During the Boca Raton presentation, Unisys chief financial officer Inder Singh stressed that homeland security contracts have become a larger share of the firm’s client base. The company, Singh said, now employs 1,000 employees with security clearances working to “literally screen all passengers entering and exiting the United States through any border.” The firm uses technology such as RFIDS scanners and license plate readers to “to identify who’s in the vehicle, who owns the vehicle, what’s the history, etcetera.”

Unisys Corporation presentation at the Bank of America Merrill Lynch America Leveraged Finance Conference on November 30, 2016.

Ana Goshko, the Bank of America analyst presenting with Singh, asked the Unisys executive if he could explain how “a lot of the priorities that President-elect Trump has highlighted, in particular the law and order theme, the border control theme” could present “opportunities.”

Singh noted that discussions about border security bodes well for the company. “We would wait to see what the new President lays out in terms of priorities, but certainly things that we’ve heard suggests that they would be well aligned with what we do today for the country,” he said. The Trump phenomenon, Singh also argued, is global, and that issues around border security and migration, especially in Europe, are “well aligned with what we do.”

Listen here:

James Reagan, the chief financial officer of defense contractor Leidos, also spoke at the Credit Suisse conference and discussed the potential for the Trump administration to boost spending on border security and raising the Defense Department budget. Leidos border security products, Reagan said, are “positioned for growth.”

Defense contractors have long viewed border security and immigration as a growth area. CACI, notably, provides a wide array of services to law enforcement and the military, including a recent contract to provide tactical communications systems for Immigration and Customs Enforcement. The firm is being sued by former detainees at the Abu Ghraib prison in Iraq who say its contractors tortured them.

In recent years, large defense contractors including Raytheon, Lockheed Martin, and General Dynamics, have pivoted to compete for border security contracts. During the 2013 debate over comprehensive immigration reform, industry lobbyists helped add $40 billion in border security amendments to the bill. The bill, which passed the Senate, died in the House of Representatives.

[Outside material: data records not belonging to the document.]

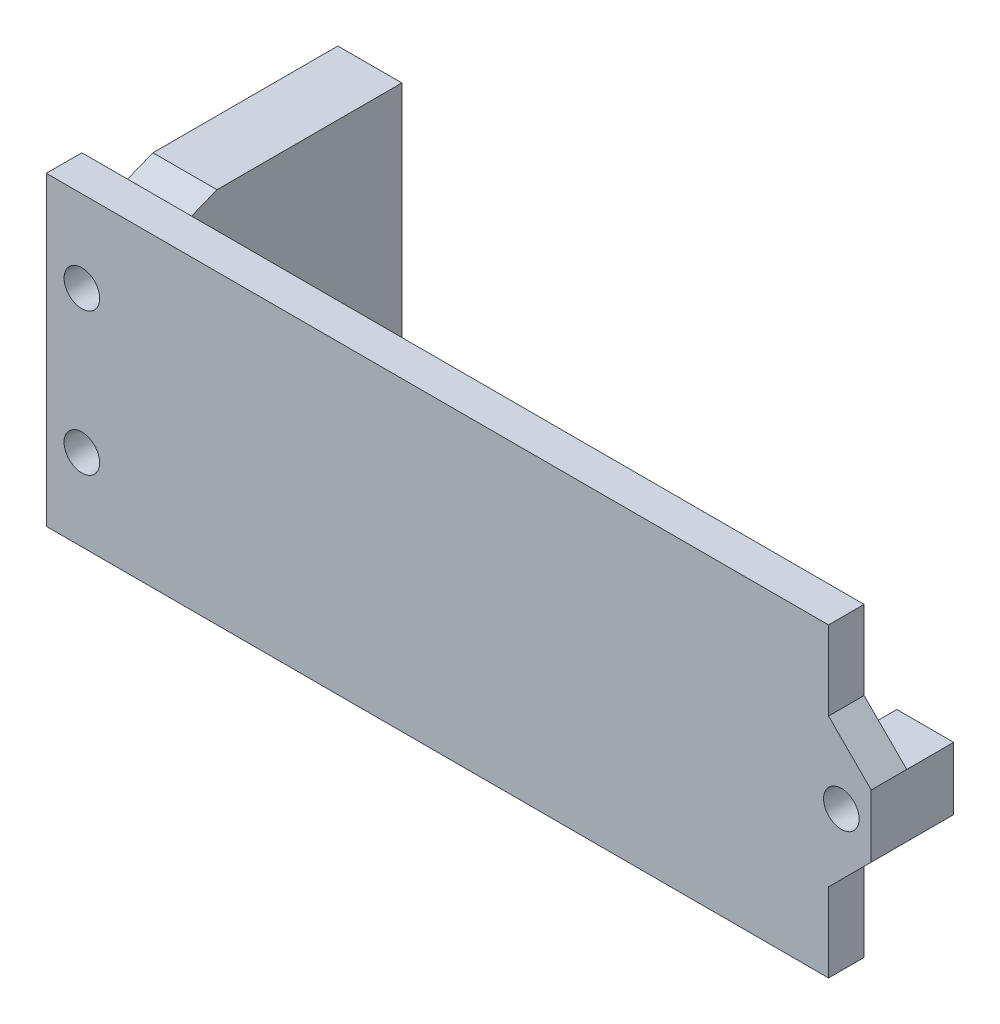
ISO-10303-21;
HEADER;
FILE_DESCRIPTION(('STEP AP214'),'2;1');
FILE_NAME('part.step','',(''),(''),'','','');
FILE_SCHEMA(('AUTOMOTIVE_DESIGN { 1 0 10303 214 1 1 1 1 }'));
ENDSEC;
DATA;
#1=APPLICATION_CONTEXT('core data for automotive mechanical design processes');
#2=APPLICATION_PROTOCOL_DEFINITION('international standard','automotive_design',2000,#1);
#3=PRODUCT_CONTEXT('',#1,'mechanical');
#4=PRODUCT('Part','Part','',(#3));
#5=PRODUCT_RELATED_PRODUCT_CATEGORY('part','',(#4));
#6=PRODUCT_DEFINITION_FORMATION('','',#4);
#7=PRODUCT_DEFINITION_CONTEXT('part definition',#1,'design');
#8=PRODUCT_DEFINITION('design','',#6,#7);
#9=PRODUCT_DEFINITION_SHAPE('','',#8);
#10=(LENGTH_UNIT() NAMED_UNIT(*) SI_UNIT(.MILLI.,.METRE.));
#11=(NAMED_UNIT(*) PLANE_ANGLE_UNIT() SI_UNIT($,.RADIAN.));
#12=(NAMED_UNIT(*) SI_UNIT($,.STERADIAN.) SOLID_ANGLE_UNIT());
#13=UNCERTAINTY_MEASURE_WITH_UNIT(LENGTH_MEASURE(1.E-05),#10,'distance_accuracy_value','');
#14=(GEOMETRIC_REPRESENTATION_CONTEXT(3) GLOBAL_UNCERTAINTY_ASSIGNED_CONTEXT((#13)) GLOBAL_UNIT_ASSIGNED_CONTEXT((#10,
#11,#12)) REPRESENTATION_CONTEXT('',''));
#15=CARTESIAN_POINT('',(0.,0.,0.));
#16=DIRECTION('',(0.,0.,1.));
#17=DIRECTION('',(1.,0.,0.));
#18=AXIS2_PLACEMENT_3D('',#15,#16,#17);
#19=CARTESIAN_POINT('',(0.,0.,3.175));
#20=DIRECTION('',(0.,-1.,0.));
#21=DIRECTION('',(1.,0.,0.));
#22=AXIS2_PLACEMENT_3D('',#19,#20,#21);
#23=PLANE('',#22);
#24=DIRECTION('',(1.,0.,0.));
#25=VECTOR('',#24,1.);
#26=CARTESIAN_POINT('',(-69.85,0.,-6.35));
#27=LINE('',#26,#25);
#28=CARTESIAN_POINT('',(-69.85,0.,-6.35));
#29=VERTEX_POINT('',#28);
#30=CARTESIAN_POINT('',(-64.135,0.,-6.35));
#31=VERTEX_POINT('',#30);
#32=EDGE_CURVE('E71',#29,#31,#27,.T.);
#33=ORIENTED_EDGE('',*,*,#32,.F.);
#34=DIRECTION('',(0.,0.,-1.));
#35=VECTOR('',#34,1.);
#36=CARTESIAN_POINT('',(-69.85,0.,3.175));
#37=LINE('',#36,#35);
#38=CARTESIAN_POINT('',(-69.85,0.,-22.86));
#39=VERTEX_POINT('',#38);
#40=EDGE_CURVE('E362',#29,#39,#37,.T.);
#41=ORIENTED_EDGE('',*,*,#40,.T.);
#42=DIRECTION('',(-1.,0.,0.));
#43=VECTOR('',#42,1.);
#44=CARTESIAN_POINT('',(0.,0.,-22.86));
#45=LINE('',#44,#43);
#46=CARTESIAN_POINT('',(-64.135,0.,-22.86));
#47=VERTEX_POINT('',#46);
#48=EDGE_CURVE('E304',#47,#39,#45,.T.);
#49=ORIENTED_EDGE('',*,*,#48,.F.);
#50=DIRECTION('',(0.,0.,1.));
#51=VECTOR('',#50,1.);
#52=CARTESIAN_POINT('',(-64.135,0.,-22.86));
#53=LINE('',#52,#51);
#54=EDGE_CURVE('E315',#47,#31,#53,.T.);
#55=ORIENTED_EDGE('',*,*,#54,.T.);
#56=EDGE_LOOP('',(#33,#41,#49,#55));
#57=FACE_BOUND('',#56,.T.);
#58=ADVANCED_FACE('F49',(#57),#23,.T.);
#59=CARTESIAN_POINT('',(0.,20.955,3.175));
#60=DIRECTION('',(0.,-1.,0.));
#61=DIRECTION('',(1.,0.,0.));
#62=AXIS2_PLACEMENT_3D('',#59,#60,#61);
#63=PLANE('',#62);
#64=DIRECTION('',(0.,0.,-1.));
#65=VECTOR('',#64,1.);
#66=CARTESIAN_POINT('',(-69.85,20.955,3.175));
#67=LINE('',#66,#65);
#68=CARTESIAN_POINT('',(-69.85,20.955,-6.35));
#69=VERTEX_POINT('',#68);
#70=CARTESIAN_POINT('',(-69.85,20.955,-22.86));
#71=VERTEX_POINT('',#70);
#72=EDGE_CURVE('E365',#69,#71,#67,.T.);
#73=ORIENTED_EDGE('',*,*,#72,.F.);
#74=DIRECTION('',(1.,0.,0.));
#75=VECTOR('',#74,1.);
#76=CARTESIAN_POINT('',(-69.85,20.955,-6.35));
#77=LINE('',#76,#75);
#78=CARTESIAN_POINT('',(-64.135,20.955,-6.35));
#79=VERTEX_POINT('',#78);
#80=EDGE_CURVE('E454',#69,#79,#77,.T.);
#81=ORIENTED_EDGE('',*,*,#80,.T.);
#82=DIRECTION('',(0.,0.,1.));
#83=VECTOR('',#82,1.);
#84=CARTESIAN_POINT('',(-64.135,20.955,-22.86));
#85=LINE('',#84,#83);
#86=CARTESIAN_POINT('',(-64.135,20.955,-22.86));
#87=VERTEX_POINT('',#86);
#88=EDGE_CURVE('E318',#87,#79,#85,.T.);
#89=ORIENTED_EDGE('',*,*,#88,.F.);
#90=DIRECTION('',(-1.,0.,0.));
#91=VECTOR('',#90,1.);
#92=CARTESIAN_POINT('',(0.,20.955,-22.86));
#93=LINE('',#92,#91);
#94=EDGE_CURVE('E311',#87,#71,#93,.T.);
#95=ORIENTED_EDGE('',*,*,#94,.T.);
#96=EDGE_LOOP('',(#73,#81,#89,#95));
#97=FACE_BOUND('',#96,.T.);
#98=ADVANCED_FACE('F489',(#97),#63,.F.);
#99=CARTESIAN_POINT('',(0.,0.,0.));
#100=DIRECTION('',(0.,0.,1.));
#101=DIRECTION('',(1.,0.,0.));
#102=AXIS2_PLACEMENT_3D('',#99,#100,#101);
#103=PLANE('',#102);
#104=DIRECTION('',(1.,0.,0.));
#105=VECTOR('',#104,1.);
#106=CARTESIAN_POINT('',(0.,13.2715,0.));
#107=LINE('',#106,#105);
#108=CARTESIAN_POINT('',(-1.27,13.2715,0.));
#109=VERTEX_POINT('',#108);
#110=CARTESIAN_POINT('',(3.81,13.2715,0.));
#111=VERTEX_POINT('',#110);
#112=EDGE_CURVE('E81',#109,#111,#107,.T.);
#113=ORIENTED_EDGE('',*,*,#112,.F.);
#114=DIRECTION('',(0.,-1.,0.));
#115=VECTOR('',#114,1.);
#116=CARTESIAN_POINT('',(-1.27,0.,0.));
#117=LINE('',#116,#115);
#118=CARTESIAN_POINT('',(-1.27,7.6835,0.));
#119=VERTEX_POINT('',#118);
#120=EDGE_CURVE('E251',#109,#119,#117,.T.);
#121=ORIENTED_EDGE('',*,*,#120,.T.);
#122=DIRECTION('',(1.,0.,0.));
#123=VECTOR('',#122,1.);
#124=CARTESIAN_POINT('',(0.,7.6835,0.));
#125=LINE('',#124,#123);
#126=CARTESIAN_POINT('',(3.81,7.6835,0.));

It’s been 10 years since Boeing and Elbit Systems, an Israeli defense contractor, were tapped to build a $1.1 billion network of surveillance towers along the border. The program, known as SBInet, was plagued by problems, including delays and false alarms detected by the system. Though SBInet is viewed largely as a failure, Elbit Systems has gone on to win contracts to provide drones along the U.S.-Mexico border.

Signs for new opportunities in a Trump administration are already apparent: Mike Dougherty, a former Bush administration official who now leads the Secure Identity & Biometrics Association, a trade group that lobbies for border security firms, including Unisys and Leidos, was recently named to help manage the Department of Homeland Security transition.

Photo: A U.S. Office of Air and Marine helicopter searches for undocumented immigrants north of the U.S.-Mexico border on August 6, 2015 near Falfurrias, Texas.